Он умолк. Очень это страшно, когда приходится говорить человеку то, что я сказал Эллиоту. Я не мог смотреть на него. Стиснул зубы, чтобы не заплакать. Я сидел на краю его постели молча, лицом к нему, опершись на вытянутую руку.
Он слабо похлопал меня по руке.
— Не огорчайтесь, мой дорогой. Вы же знаете, noblesse oblige.
Я истерически рассмеялся.
— Чудак вы, Эллиот.
— Вот так-то лучше. А теперь позвоните епископу и передайте, что я желаю исповедаться и причаститься святых тайн. Я буду ему признателен, если он пошлет ко мне аббата Шарля. Мы с ним друзья.
Аббат Шарль был старший викарий епископа, о котором я уже упоминал. Я спустился к телефону, меня соединили с самим епископом.
— Это срочно? — спросил он.
— Очень.
— Я займусь этим незамедлительно.
Приехал доктор, и я рассказал ему, что предпринял. Он вместе с сиделкой прошел к Эллиоту, а я остался ждать внизу, в столовой. Езды от Ниццы до Антиба всего двадцать минут, и немногим более чем через полчаса к подъезду подкатил черный закрытый автомобиль. В столовую заглянул Жозеф.
— C'est Monseigneur en personne, Monsieur, — сообщил он взволнованно. — Это сам епископ.
Я вышел его встретить. Сопровождал его почему-то не старший викарий, а совсем молодой аббат, несший шкатулку, в которой, очевидно, находились сосуды, нужные для совершения таинства. Следом шофер тащил старый черный чемодан. Епископ протянул мне руку и представил своего помощника.
— Как чувствует себя наш бедный друг?
— Он очень, очень плох, монсеньор.
— Не откажите в любезности указать нам комнату, где облачиться.
— Вот здесь столовая, монсеньор, а гостиная на втором этаже.
— Благодарю, мы устроимся в столовой.
Мы с Жозефом остались ждать в холле. Вскоре дверь отворилась, и вышел епископ, а за ним аббат нес в обеих руках потир, накрытый тарелкой, на которой лежала освященная облатка. Поверх была накинута салфетка из тончайшего, прозрачного батиста. До сих пор я видел епископа только за обеденным столом и помнил, что едок он был хоть куда, отдавал должное хорошему вину и со смаком рассказывал анекдоты, иногда весьма рискованные. Он виделся мне как крепкий коренастый мужчина среднего роста. Сейчас, в стихаре и епитрахили, фигура у него была не только высокая, но величественная. Его красное лицо, обычно игравшее лукавыми, хоть и не злобными улыбками, было невозмутимо и важно. В нем ничего не осталось от кавалерийского офицера, которым он некогда был; сейчас он казался тем, чем и был на самом деле, — крупным церковным сановником. Меня не удивило, что Жозеф при его появлении перекрестился. Епископ в ответ чуть заметно склонил голову.

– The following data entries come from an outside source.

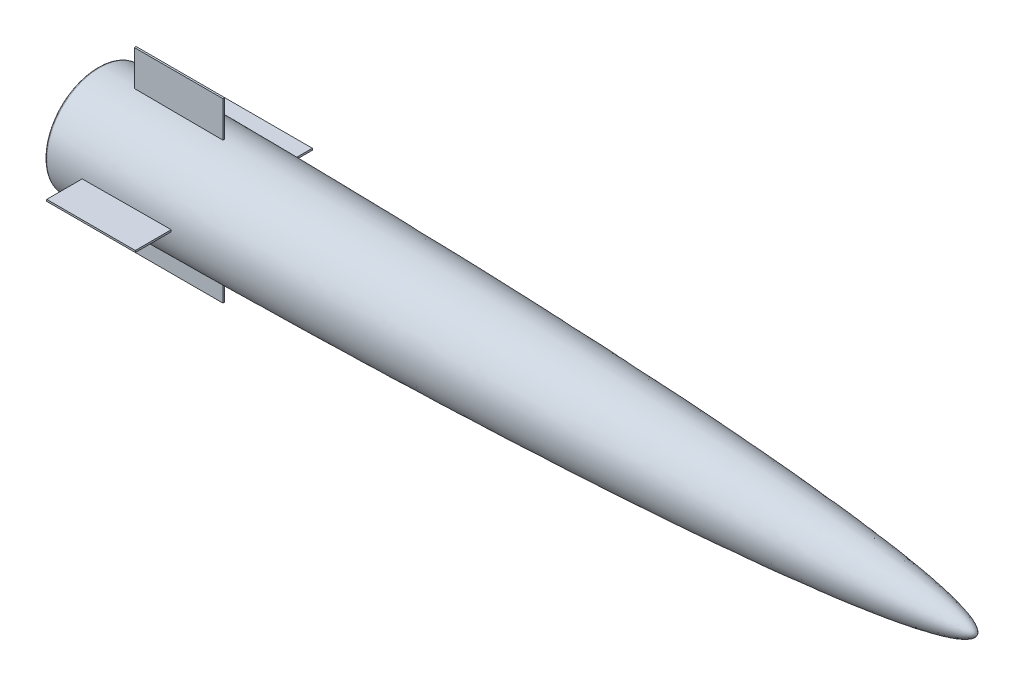
ISO-10303-21;
HEADER;
FILE_DESCRIPTION(('STEP AP214'),'2;1');
FILE_NAME('part.step','',(''),(''),'','','');
FILE_SCHEMA(('AUTOMOTIVE_DESIGN { 1 0 10303 214 1 1 1 1 }'));
ENDSEC;
DATA;
#1=APPLICATION_CONTEXT('core data for automotive mechanical design processes');
#2=APPLICATION_PROTOCOL_DEFINITION('international standard','automotive_design',2000,#1);
#3=PRODUCT_CONTEXT('',#1,'mechanical');
#4=PRODUCT('Part','Part','',(#3));
#5=PRODUCT_RELATED_PRODUCT_CATEGORY('part','',(#4));
#6=PRODUCT_DEFINITION_FORMATION('','',#4);
#7=PRODUCT_DEFINITION_CONTEXT('part definition',#1,'design');
#8=PRODUCT_DEFINITION('design','',#6,#7);
#9=PRODUCT_DEFINITION_SHAPE('','',#8);
#10=(LENGTH_UNIT() NAMED_UNIT(*) SI_UNIT(.MILLI.,.METRE.));
#11=(NAMED_UNIT(*) PLANE_ANGLE_UNIT() SI_UNIT($,.RADIAN.));
#12=(NAMED_UNIT(*) SI_UNIT($,.STERADIAN.) SOLID_ANGLE_UNIT());
#13=UNCERTAINTY_MEASURE_WITH_UNIT(LENGTH_MEASURE(1.E-05),#10,'distance_accuracy_value','');
#14=(GEOMETRIC_REPRESENTATION_CONTEXT(3) GLOBAL_UNCERTAINTY_ASSIGNED_CONTEXT((#13)) GLOBAL_UNIT_ASSIGNED_CONTEXT((#10,
#11,#12)) REPRESENTATION_CONTEXT('',''));
#15=CARTESIAN_POINT('',(0.,0.,0.));
#16=DIRECTION('',(0.,0.,1.));
#17=DIRECTION('',(1.,0.,0.));
#18=AXIS2_PLACEMENT_3D('',#15,#16,#17);
#19=CARTESIAN_POINT('',(-990.,0.,0.));
#20=DIRECTION('',(0.,0.,1.));
#21=DIRECTION('',(0.,1.,0.));
#22=AXIS2_PLACEMENT_3D('',#19,#20,#21);
#23=ELLIPSE('',#22,60.,10.);
#24=TRIMMED_CURVE('',#23,(PARAMETER_VALUE(4.71238898038468)),
(PARAMETER_VALUE(7.85398163397449)),.T.,.PARAMETER.);
#25=CARTESIAN_POINT('',(-1000.,-3.49148133884313E-13,0.));
#26=DIRECTION('',(-1.,0.,0.));
#27=AXIS1_PLACEMENT('',#25,#26);
#28=SURFACE_OF_REVOLUTION('',#24,#27);
#29=CARTESIAN_POINT('',(-1000.,-3.49148133884313E-13,0.));
#30=VERTEX_POINT('',#29);
#31=VERTEX_LOOP('',#30);
#32=FACE_BOUND('',#31,.T.);
#33=CARTESIAN_POINT('',(-990.,-3.38673689867784E-13,0.));
#34=DIRECTION('',(-1.,0.,0.));
#35=DIRECTION('',(0.,-1.,0.));
#36=AXIS2_PLACEMENT_3D('',#33,#34,#35);
#37=CIRCLE('',#36,60.0000000000003);
#38=CARTESIAN_POINT('',(-990.,-60.0000000000007,0.));
#39=VERTEX_POINT('',#38);
#40=EDGE_CURVE('E251',#39,#39,#37,.T.);
#41=ORIENTED_EDGE('',*,*,#40,.T.);
#42=EDGE_LOOP('',(#41));
#43=FACE_BOUND('',#42,.T.);
#44=ADVANCED_FACE('F42',(#32,#43),#28,.T.);
#45=CARTESIAN_POINT('',(-990.,0.,0.));
#46=DIRECTION('',(0.,0.,1.));
#47=DIRECTION('',(-1.,0.,0.));
#48=AXIS2_PLACEMENT_3D('',#45,#46,#47);
#49=ELLIPSE('',#48,990.,60.);
#50=TRIMMED_CURVE('',#49,(PARAMETER_VALUE(3.1415926535898)),(PARAMETER_VALUE(6.28318530717961)),
.T.,.PARAMETER.);
#51=CARTESIAN_POINT('',(-1000.,-3.49148133884313E-13,0.));
#52=DIRECTION('',(-1.,0.,0.));
#53=AXIS1_PLACEMENT('',#51,#52);
#54=SURFACE_OF_REVOLUTION('',#50,#53);
#55=CARTESIAN_POINT('',(-850.,-1.92031473636372E-13,0.));
#56=DIRECTION('',(-1.,0.,0.));
#57=DIRECTION('',(0.,-1.,0.));
#58=AXIS2_PLACEMENT_3D('',#55,#56,#57);
#59=CIRCLE('',#58,59.397031459402);
#60=CARTESIAN_POINT('',(-850.,0.999999999998913,-59.388612933703));
#61=VERTEX_POINT('',#60);
#62=CARTESIAN_POINT('',(-850.,-1.00000000000108,-59.3886129337029));
#63=VERTEX_POINT('',#62);
#64=EDGE_CURVE('E55',#61,#63,#59,.T.);
#65=ORIENTED_EDGE('',*,*,#64,.F.);
#66=CARTESIAN_POINT('',(-850.,0.999999999998912,-59.3886129337029));
#67=CARTESIAN_POINT('',(-854.166589941151,0.999999999998908,-59.4246902327038));
#68=CARTESIAN_POINT('',(-858.33319409252,0.999999999998904,-59.4591248088546));
#69=CARTESIAN_POINT('',(-866.666420572331,0.999999999998896,-59.5247241075129));
#70=CARTESIAN_POINT('',(-870.833042900726,0.999999999998891,-59.555888835957));
#71=CARTESIAN_POINT('',(-879.166305615929,0.999999999998882,-59.6149641266672));
#72=CARTESIAN_POINT('',(-883.33294600271,0.999999999998878,-59.6428746928422));
#73=CARTESIAN_POINT('',(-891.666244741786,0.999999999998869,-59.6954551993926));
#74=CARTESIAN_POINT('',(-895.83290309407,0.999999999998865,-59.7201251416959));
#75=CARTESIAN_POINT('',(-904.166237595471,0.999999999998856,-59.7662364200167));
#76=CARTESIAN_POINT('',(-908.332913744589,0.999999999998851,-59.7876777560845));
#77=CARTESIAN_POINT('',(-916.666283889618,0.999999999998843,-59.8273421579692));
#78=CARTESIAN_POINT('',(-920.83297788554,0.999999999998838,-59.8455652218311));
#79=CARTESIAN_POINT('',(-929.16638368884,0.99999999999883,-59.8788019381598));
#80=CARTESIAN_POINT('',(-933.333095496234,0.999999999998825,-59.8938155867647));
#81=CARTESIAN_POINT('',(-941.666536898786,0.999999999998816,-59.9206403385491));
#82=CARTESIAN_POINT('',(-945.833266493963,0.999999999998812,-59.932451435981));
#83=CARTESIAN_POINT('',(-950.,0.999999999998807,-59.9426646777447));
#84=B_SPLINE_CURVE_WITH_KNOTS('',3,(#66,#67,#68,#69,#70,#71,#72,#73,#74,#75,#76,#77,#78,#79,#80,
#81,#82,#83),.UNSPECIFIED.,.F.,.F.,(4,2,2,2,2,2,2,2,4),(0.,12.5002380451016,25.0004533949478,
37.5006537296599,50.000846627544,62.5010393300494,75.0012396256015,87.5014549624844,
100.001692733604),.UNSPECIFIED.);
#85=CARTESIAN_POINT('',(-950.,0.999999999998808,-59.9426646777447));
#86=VERTEX_POINT('',#85);
#87=EDGE_CURVE('E11',#61,#86,#84,.T.);
#88=ORIENTED_EDGE('',*,*,#87,.T.);
#89=CARTESIAN_POINT('',(-950.,-2.96775913801666E-13,0.));
#90=DIRECTION('',(-1.,0.,0.));
#91=DIRECTION('',(0.,-1.,0.));
#92=AXIS2_PLACEMENT_3D('',#89,#90,#91);
#93=CIRCLE('',#92,59.9510054016489);
#94=CARTESIAN_POINT('',(-950.,-1.00000000000119,-59.9426646777446));
#95=VERTEX_POINT('',#94);
#96=EDGE_CURVE('E321',#95,#86,#93,.F.);
#97=ORIENTED_EDGE('',*,*,#96,.F.);
#98=CARTESIAN_POINT('',(-850.,-1.00000000000108,-59.3886129337029));
#99=CARTESIAN_POINT('',(-854.166589941151,-1.00000000000109,-59.4246902327038));
#100=CARTESIAN_POINT('',(-858.33319409252,-1.0000000000011,-59.4591248088546));
#101=CARTESIAN_POINT('',(-866.666420572331,-1.00000000000111,-59.5247241075129));
#102=CARTESIAN_POINT('',(-870.833042900726,-1.00000000000111,-59.5558888359569));
#103=CARTESIAN_POINT('',(-879.166305615929,-1.00000000000112,-59.6149641266672));
#104=CARTESIAN_POINT('',(-883.33294600271,-1.00000000000112,-59.6428746928421));
#105=CARTESIAN_POINT('',(-891.666244741786,-1.00000000000113,-59.6954551993925));
#106=CARTESIAN_POINT('',(-895.83290309407,-1.00000000000114,-59.7201251416959));
#107=CARTESIAN_POINT('',(-904.166237595471,-1.00000000000114,-59.7662364200166));
#108=CARTESIAN_POINT('',(-908.332913744589,-1.00000000000115,-59.7876777560845));
#109=CARTESIAN_POINT('',(-916.666283889618,-1.00000000000116,-59.8273421579692));
#110=CARTESIAN_POINT('',(-920.83297788554,-1.00000000000116,-59.8455652218311));
#111=CARTESIAN_POINT('',(-929.16638368884,-1.00000000000117,-59.8788019381598));
#112=CARTESIAN_POINT('',(-933.333095496234,-1.00000000000117,-59.8938155867647));
#113=CARTESIAN_POINT('',(-941.666536898786,-1.00000000000118,-59.9206403385491));
#114=CARTESIAN_POINT('',(-945.833266493963,-1.00000000000119,-59.9324514359809));
#115=CARTESIAN_POINT('',(-950.,-1.00000000000119,-59.9426646777446));
#116=B_SPLINE_CURVE_WITH_KNOTS('',3,(#98,#99,#100,#101,#102,#103,#104,#105,#106,#107,#108,#109,
#110,#111,#112,#113,#114,#115),.UNSPECIFIED.,.F.,.F.,(4,2,2,2,2,2,2,2,4),(0.,12.5002380451016,
25.0004533949478,37.5006537296599,50.0008466275439,62.5010393300493,75.0012396256014,
87.5014549624843,100.001692733604),.UNSPECIFIED.);
#117=EDGE_CURVE('E314',#63,#95,#116,.T.);
#118=ORIENTED_EDGE('',*,*,#117,.F.);
#119=EDGE_LOOP('',(#65,#88,#97,#118));
#120=FACE_BOUND('',#119,.T.);
#121=CARTESIAN_POINT('',(-850.,-59.3886129337031,-1.));
#122=VERTEX_POINT('',#121);
#123=CARTESIAN_POINT('',(-850.,-59.3886129337031,0.999999999999995));
#124=VERTEX_POINT('',#123);
#125=EDGE_CURVE('E389',#122,#124,#59,.T.);
#126=ORIENTED_EDGE('',*,*,#125,.F.);
#127=CARTESIAN_POINT('',(-850.,-59.3886129337031,-1.));
#128=CARTESIAN_POINT('',(-854.166589941151,-59.424690232704,-1.));
#129=CARTESIAN_POINT('',(-858.33319409252,-59.4591248088548,-1.));
#130=CARTESIAN_POINT('',(-866.666420572331,-59.5247241075131,-1.));
#131=CARTESIAN_POINT('',(-870.833042900726,-59.5558888359572,-1.));
#132=CARTESIAN_POINT('',(-879.166305615929,-59.6149641266674,-1.));
#133=CARTESIAN_POINT('',(-883.33294600271,-59.6428746928424,-1.));
#134=CARTESIAN_POINT('',(-891.666244741786,-59.6954551993928,-1.));
#135=CARTESIAN_POINT('',(-895.83290309407,-59.7201251416961,-1.));
#136=CARTESIAN_POINT('',(-904.166237595471,-59.7662364200169,-1.));
#137=CARTESIAN_POINT('',(-908.332913744589,-59.7876777560848,-1.));
#138=CARTESIAN_POINT('',(-916.666283889618,-59.8273421579695,-1.));
#139=CARTESIAN_POINT('',(-920.83297788554,-59.8455652218314,-1.));
#140=CARTESIAN_POINT('',(-929.16638368884,-59.8788019381601,-1.));
#141=CARTESIAN_POINT('',(-933.333095496234,-59.893815586765,-1.));
#142=CARTESIAN_POINT('',(-941.666536898786,-59.9206403385494,-1.));
#143=CARTESIAN_POINT('',(-945.833266493963,-59.9324514359812,-1.));
#144=CARTESIAN_POINT('',(-950.,-59.942664677745,-1.));
#145=B_SPLINE_CURVE_WITH_KNOTS('',3,(#127,#128,#129,#130,#131,#132,#133,#134,#135,#136,#137,
#138,#139,#140,#141,#142,#143,#144),.UNSPECIFIED.,.F.,.F.,(4,2,2,2,2,2,2,2,4),(0.,
12.5002380451016,25.0004533949478,37.5006537296599,50.0008466275439,62.5010393300493,
75.0012396256014,87.5014549624843,100.001692733604),.UNSPECIFIED.);
#146=CARTESIAN_POINT('',(-950.,-59.942664677745,-1.));
#147=VERTEX_POINT('',#146);
#148=EDGE_CURVE('E308',#122,#147,#145,.T.);
#149=ORIENTED_EDGE('',*,*,#148,.T.);
#150=CARTESIAN_POINT('',(-950.,-59.942664677745,1.));
#151=VERTEX_POINT('',#150);
#152=EDGE_CURVE('E386',#151,#147,#93,.F.);
#153=ORIENTED_EDGE('',*,*,#152,.F.);
#154=CARTESIAN_POINT('',(-850.,-59.3886129337031,0.999999999999995));
#155=CARTESIAN_POINT('',(-854.166589941151,-59.424690232704,0.999999999999998));
#156=CARTESIAN_POINT('',(-858.33319409252,-59.4591248088548,1.));
#157=CARTESIAN_POINT('',(-866.666420572331,-59.5247241075131,1.));
#158=CARTESIAN_POINT('',(-870.833042900726,-59.5558888359572,1.));
#159=CARTESIAN_POINT('',(-879.166305615929,-59.6149641266674,1.));
#160=CARTESIAN_POINT('',(-883.33294600271,-59.6428746928424,1.));
#161=CARTESIAN_POINT('',(-891.666244741786,-59.6954551993928,1.));
#162=CARTESIAN_POINT('',(-895.83290309407,-59.7201251416961,1.));
#163=CARTESIAN_POINT('',(-904.166237595471,-59.7662364200169,1.));
#164=CARTESIAN_POINT('',(-908.332913744589,-59.7876777560848,1.));
#165=CARTESIAN_POINT('',(-916.666283889618,-59.8273421579695,1.));
#166=CARTESIAN_POINT('',(-920.83297788554,-59.8455652218314,1.));
#167=CARTESIAN_POINT('',(-929.16638368884,-59.8788019381601,1.));
#168=CARTESIAN_POINT('',(-933.333095496234,-59.893815586765,1.));
#169=CARTESIAN_POINT('',(-941.666536898786,-59.9206403385494,0.999999999999999));
#170=CARTESIAN_POINT('',(-945.833266493963,-59.9324514359812,0.999999999999996));
#171=CARTESIAN_POINT('',(-950.,-59.942664677745,0.999999999999989));
#172=B_SPLINE_CURVE_WITH_KNOTS('',3,(#154,#155,#156,#157,#158,#159,#160,#161,#162,#163,#164,
#165,#166,#167,#168,#169,#170,#171),.UNSPECIFIED.,.F.,.F.,(4,2,2,2,2,2,2,2,4),(0.,
12.5002380451016,25.0004533949478,37.5006537296599,50.0008466275439,62.5010393300493,
75.0012396256014,87.5014549624843,100.001692733604),.UNSPECIFIED.);
#173=EDGE_CURVE('E301',#124,#151,#172,.T.);
#174=ORIENTED_EDGE('',*,*,#173,.F.);
#175=EDGE_LOOP('',(#126,#149,#153,#174));
#176=FACE_BOUND('',#175,.T.);
#177=CARTESIAN_POINT('',(-950.,0.999999999999226,59.9426646777447));
#178=VERTEX_POINT('',#177);
#179=CARTESIAN_POINT('',(-950.,-1.00000000000035,59.9426646777447));
#180=VERTEX_POINT('',#179);
#181=EDGE_CURVE('E381',#178,#180,#93,.F.);
#182=ORIENTED_EDGE('',*,*,#181,.F.);
#183=CARTESIAN_POINT('',(-950.,0.999999999999218,59.9426646777447));
#184=CARTESIAN_POINT('',(-945.833266493964,0.999999999999228,59.9324514359809));
#185=CARTESIAN_POINT('',(-941.666536898787,0.999999999999234,59.9206403385491));
#186=CARTESIAN_POINT('',(-933.333095496235,0.999999999999245,59.8938155867647));
#187=CARTESIAN_POINT('',(-929.166383688841,0.999999999999248,59.8788019381598));
#188=CARTESIAN_POINT('',(-920.832977885541,0.999999999999256,59.8455652218311));
#189=CARTESIAN_POINT('',(-916.666283889619,0.99999999999926,59.8273421579692));
#190=CARTESIAN_POINT('',(-908.332913744589,0.999999999999269,59.7876777560845));
#191=CARTESIAN_POINT('',(-904.166237595472,0.999999999999273,59.7662364200167));
#192=CARTESIAN_POINT('',(-895.83290309407,0.999999999999282,59.7201251416959));
#193=CARTESIAN_POINT('',(-891.666244741786,0.999999999999286,59.6954551993926));
#194=CARTESIAN_POINT('',(-883.33294600271,0.999999999999294,59.6428746928422));
#195=CARTESIAN_POINT('',(-879.166305615929,0.999999999999299,59.6149641266672));
#196=CARTESIAN_POINT('',(-870.833042900726,0.999999999999307,59.555888835957));
#197=CARTESIAN_POINT('',(-866.666420572331,0.999999999999312,59.5247241075129));
#198=CARTESIAN_POINT('',(-858.33319409252,0.999999999999319,59.4591248088546));
#199=CARTESIAN_POINT('',(-854.166589941151,0.999999999999321,59.4246902327038));
#200=CARTESIAN_POINT('',(-850.,0.999999999999321,59.3886129337029));
#201=B_SPLINE_CURVE_WITH_KNOTS('',3,(#183,#184,#185,#186,#187,#188,#189,#190,#191,#192,#193,
#194,#195,#196,#197,#198,#199,#200),.UNSPECIFIED.,.F.,.F.,(4,2,2,2,2,2,2,2,4),(0.,
12.50023777112,25.0004531080031,37.5006534035552,50.0008461060607,62.501039003945,
75.0012393386571,87.5014546885033,100.001692733605),.UNSPECIFIED.);
#202=CARTESIAN_POINT('',(-850.,0.999999999999328,59.3886129337029));
#203=VERTEX_POINT('',#202);
#204=EDGE_CURVE('E293',#178,#203,#201,.T.);
#205=ORIENTED_EDGE('',*,*,#204,.T.);
#206=CARTESIAN_POINT('',(-850.,-1.00000000000026,59.3886129337029));
#207=VERTEX_POINT('',#206);
#208=EDGE_CURVE('E385',#207,#203,#59,.T.);
#209=ORIENTED_EDGE('',*,*,#208,.F.);
#210=CARTESIAN_POINT('',(-850.,-1.00000000000025,59.3886129337029));
#211=CARTESIAN_POINT('',(-854.166589941151,-1.00000000000026,59.4246902327038));
#212=CARTESIAN_POINT('',(-858.33319409252,-1.00000000000026,59.4591248088546));
#213=CARTESIAN_POINT('',(-866.666420572331,-1.00000000000027,59.5247241075129));
#214=CARTESIAN_POINT('',(-870.833042900726,-1.00000000000028,59.555888835957));
#215=CARTESIAN_POINT('',(-879.166305615929,-1.00000000000029,59.6149641266672));
#216=CARTESIAN_POINT('',(-883.33294600271,-1.00000000000029,59.6428746928422));
#217=CARTESIAN_POINT('',(-891.666244741786,-1.0000000000003,59.6954551993926));
#218=CARTESIAN_POINT('',(-895.83290309407,-1.0000000000003,59.7201251416959));
#219=CARTESIAN_POINT('',(-904.166237595471,-1.00000000000031,59.7662364200167));
#220=CARTESIAN_POINT('',(-908.332913744589,-1.00000000000031,59.7876777560845));
#221=CARTESIAN_POINT('',(-916.666283889618,-1.00000000000032,59.8273421579692));
#222=CARTESIAN_POINT('',(-920.83297788554,-1.00000000000033,59.8455652218311));
#223=CARTESIAN_POINT('',(-929.16638368884,-1.00000000000033,59.8788019381598));
#224=CARTESIAN_POINT('',(-933.333095496234,-1.00000000000034,59.8938155867647));
#225=CARTESIAN_POINT('',(-941.666536898786,-1.00000000000035,59.9206403385491));
#226=CARTESIAN_POINT('',(-945.833266493963,-1.00000000000035,59.9324514359809));
#227=CARTESIAN_POINT('',(-950.,-1.00000000000035,59.9426646777447));
#228=B_SPLINE_CURVE_WITH_KNOTS('',3,(#210,#211,#212,#213,#214,#215,#216,#217,#218,#219,#220,
#221,#222,#223,#224,#225,#226,#227),.UNSPECIFIED.,.F.,.F.,(4,2,2,2,2,2,2,2,4),(0.,
12.5002380451016,25.0004533949478,37.5006537296599,50.0008466275439,62.5010393300493,
75.0012396256014,87.5014549624843,100.001692733604),.UNSPECIFIED.);
#229=EDGE_CURVE('E167',#207,#180,#228,.T.);
#230=ORIENTED_EDGE('',*,*,#229,.T.);
#231=EDGE_LOOP('',(#182,#205,#209,#230));
#232=FACE_BOUND('',#231,.T.);
#233=CARTESIAN_POINT('',(-850.,-1.92031473636372E-13,0.));
#234=DIRECTION('',(-1.,0.,0.));
#235=DIRECTION('',(0.,-1.,0.));
#236=AXIS2_PLACEMENT_3D('',#233,#234,#235);
#237=CIRCLE('',#236,59.397031459402);
#238=CARTESIAN_POINT('',(-850.,59.3886129337027,1.));
#239=VERTEX_POINT('',#238);
#240=CARTESIAN_POINT('',(-850.,59.3886129337027,-1.));
#241=VERTEX_POINT('',#240);
#242=EDGE_CURVE('E375',#239,#241,#237,.T.);
#243=ORIENTED_EDGE('',*,*,#242,.F.);
#244=CARTESIAN_POINT('',(-850.,59.3886129337027,1.00000000000001));
#245=CARTESIAN_POINT('',(-854.166589941151,59.4246902327036,1.));
#246=CARTESIAN_POINT('',(-858.333194092521,59.4591248088544,1.));
#247=CARTESIAN_POINT('',(-866.666420572331,59.5247241075127,1.));
#248=CARTESIAN_POINT('',(-870.833042900726,59.5558888359568,1.));
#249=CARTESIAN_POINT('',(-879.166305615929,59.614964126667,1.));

— Проводите меня к страждущему, — сказал он.
Я хотел пропустить его вперед, но он знаком попросил меня возглавить шествие. Мы поднялись по лестнице в торжественном молчании. Я вошел к Эллиоту.
— Епископ приехал сам, Эллиот.
Эллиот попытался приподняться и сесть.
— Монсеньор, на такую великую честь я не смел и надеяться.
— Лежите спокойно, друг мой. — Епископ обратился ко мне и к сиделке: — Оставьте нас. — А затем к аббату: — Я позову вас, когда кончу.
Аббат огляделся, и я понял, что он ищет, куда бы поставить потир. Я сдвинул в сторону черепаховые щетки на туалетном столике. Сиделка ушла вниз, а я увел аббата в соседнюю комнату, служившую Эллиоту кабинетом. Раскрытые окна глядели в синее небо, он подошел к одному из них. Я сел в кресло. На море шли гонки яхт, белые паруса ослепительно сверкали на фоне лазури. Большая черная шхуна, распустив красные паруса, пробивалась в порт, борясь с бризом. Я признал в ней рыболовное судно, привозившее от берегов Сардинии омаров, дабы не оставить роскошные рестораны и казино без рыбного блюда. Из-за двери доносились приглушенные голоса. Это Эллиот исповедовался в грехах. Мне очень хотелось курить, но я боялся оскорбить чувства аббата. Он стоял неподвижно, гладя вдаль, — стройный и молодой, явно итальянец по рождению: с волнистой черной шевелюрой, прекрасными темными глазами и оливковой кожей. Во всем его облике угадывались горячие страсти юга, и я подумал, какая же неуемная вера, какое жгучее желание побудило его отказаться от радостей жизни, от присущих его возрасту плотских утех и посвятить себя служению Богу.
Голоса в соседней комнате внезапно смолкли, и я посмотрел на дверь. Она отворилась, появился епископ.
— Venez, — сказал он аббату.
Я остался один. Снова послышался голос епископа, и я понял, что он читает отходную. Потом снова молчание — это Эллиот вкушал крови и тела Христова. Сам я не католик, но всякий раз, бывая на мессе, испытываю чувство трепетного благоговения, должно быть унаследованное от далеких предков, когда звоночек служки возвещает, что священник поднял для обозрения святые дары; и сейчас меня тоже пронизала дрожь, как от холодного ветра — дрожь восторга и страха. Дверь снова отворилась.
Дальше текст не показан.